Entraide, dons réciproques, partage, échanges, collaboration, alliances, associations, participation sont autant de formes de la coopération omniprésente dans la société humaine. La coopération est non seulement la force créatrice de l’évolution, puisque l’évolution a besoin de coopération pour être en mesure de construire des niveaux d’organisation de plus en plus complexes, elle est aussi au cœur des accomplissements sans précédent de l’espèce humaine. Elle permet à la société d’accomplir des tâches qu’une personne seule ne pourrait accomplir. Lorsqu’on demanda au grand inventeur Thomas Edison pourquoi il avait vingt et un assistants, il répondit : «Si je pouvais résoudre tous les problèmes tout seul, je le ferais.»

Coopérer peut sembler paradoxal. Du point de vue de l’égoïsme, la stratégie la plus tentante est celle du «passager clandestin» qui profite des efforts des autres pour parvenir à ses fins au prix d’un minimum d’efforts. Pourtant, nombre d’études montrent qu’il est préférable, pour soi comme pour les autres, de se faire mutuellement confiance et de coopérer, plutôt que de faire cavalier seul.

Selon les épidémiologistes Richard Wilkinson et Kate Pickett : «Si nous nous concevons nous-mêmes comme des individus mus par notre intérêt personnel et un instinct asocial de possession, nous risquons de mettre en place des systèmes reposant sur la carotte et le bâton, la punition et la récompense, créant ainsi une version erronée et malheureuse de l’humanité dont nous rêvons.» Sur le plan individuel, la compétition empoisonne les liens affectifs et sociaux.

Dans une société fortement compétitive, les individus se méfient les uns des autres, s’inquiètent de leur sécurité et cherchent constamment à promouvoir leurs intérêts et leur rang social, sans trop se soucier des autres. À l’opposé, dans une société coopérative, les individus se font confiance et sont prêts à consacrer du temps et des ressources à autrui. Ainsi s’enclenche un cycle vertueux de solidarité et de réciprocité qui nourrit des rapports harmonieux.

Selon Richard Layard, professeur à la London School of Economics, la compétition n’est saine et utile qu’entre les entreprises. Mettre les entreprises en libre concurrence stimule l’innovation et la recherche d’améliorations dans les services et les produits. Elle entraîne aussi une réduction des prix qui profite à tous. En revanche, la coopération est un facteur de prospérité indispensable au sein d’une entreprise.

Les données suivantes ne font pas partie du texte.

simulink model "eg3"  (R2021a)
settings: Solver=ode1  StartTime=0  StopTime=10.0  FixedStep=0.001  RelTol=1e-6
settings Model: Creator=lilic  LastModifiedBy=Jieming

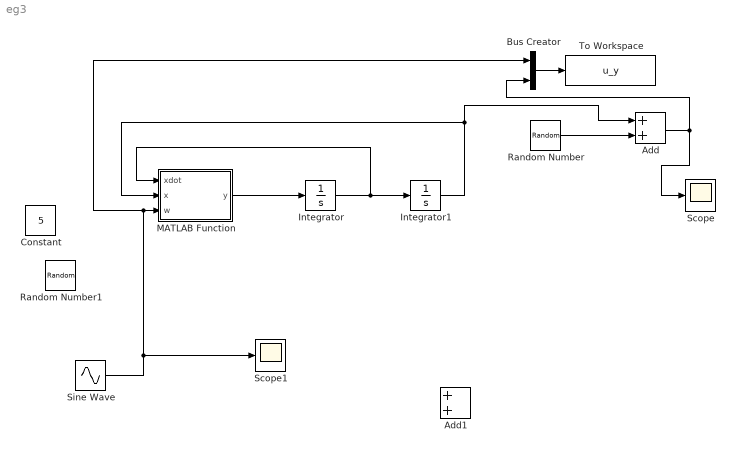
== system eg3 ==
  Add : Sum
  Add1 : Sum
  Bus Creator : BusCreator  Inputs=2
  Constant : Constant  Value=5
  Integrator : Integrator
  Integrator1 : Integrator  InitialCondition=1
  MATLAB Function : MATLAB Function  TreatAsAtomicUnit=on
  Random Number : RandomNumber  Variance=0
  Random Number1 : RandomNumber  Mean=5  Variance=0.000001
  Scope : Scope
  Scope1 : Scope
  Sine Wave : Sin  Amplitude=5  SampleTime=0
  To Workspace : ToWorkspace  VariableName=u_y  SaveFormat=Timeseries  SampleTime=-1
  wires:
  Integrator/1 -> MATLAB Function/1(xdot), Integrator1/1
  MATLAB Function/1(y) -> Integrator/1
  Integrator1/1 -> Add/1, MATLAB Function/2(x)
  Sine Wave/1 -> Bus Creator/1, MATLAB Function/3(w), Scope1/1
  Bus Creator/1 -> To Workspace/1
  Random Number/1 -> Add/2
  Add/1 -> Scope/1, Bus Creator/2

== matlab function eg3/MATLAB Function ==
  data: xdot input; y output; x input; w input
function y = fcn(xdot,x,w)
gamma=0.01;
epsilon=1;
delta=0;
y = -(gamma*xdot+w^2*x+epsilon*x^2*xdot+delta*xdot^3);

Depuis quelque temps, on a vu se répandre l’idée selon laquelle il est souhaitable de promouvoir une compétition sans merci entre les employés d’une même entreprise — ou entre les élèves d’une classe dans le cas de l’éducation —, car les résultats de tous devraient s’en trouver améliorés. En réalité, cette compétition est nuisible, car elle détériore les rapports humains et les conditions de travail. En fin de compte, comme l’a montré l’économiste Jeffrey Carpenter*, elle est contre-productive et diminue la prospérité de l’entreprise.

Le travail d’équipe, en particulier, est miné par les incitations et les bonus individuels. À l’opposé, la rémunération du résultat de l’équipe dans son ensemble encourage la coopération et améliore ces résultats. Les dirigeants et les chefs d’entreprise doivent donc s’efforcer de faciliter la confiance, la solidarité et la coopération.

*Carpenter, J., Matthews, P., & Schirm, J. (2007). Tournaments and Office Politics: Evidence from a Real Effort Experiment (SSRN Scholarly Paper No. ID 1011134). Rochester, NY: Social Science Research Network.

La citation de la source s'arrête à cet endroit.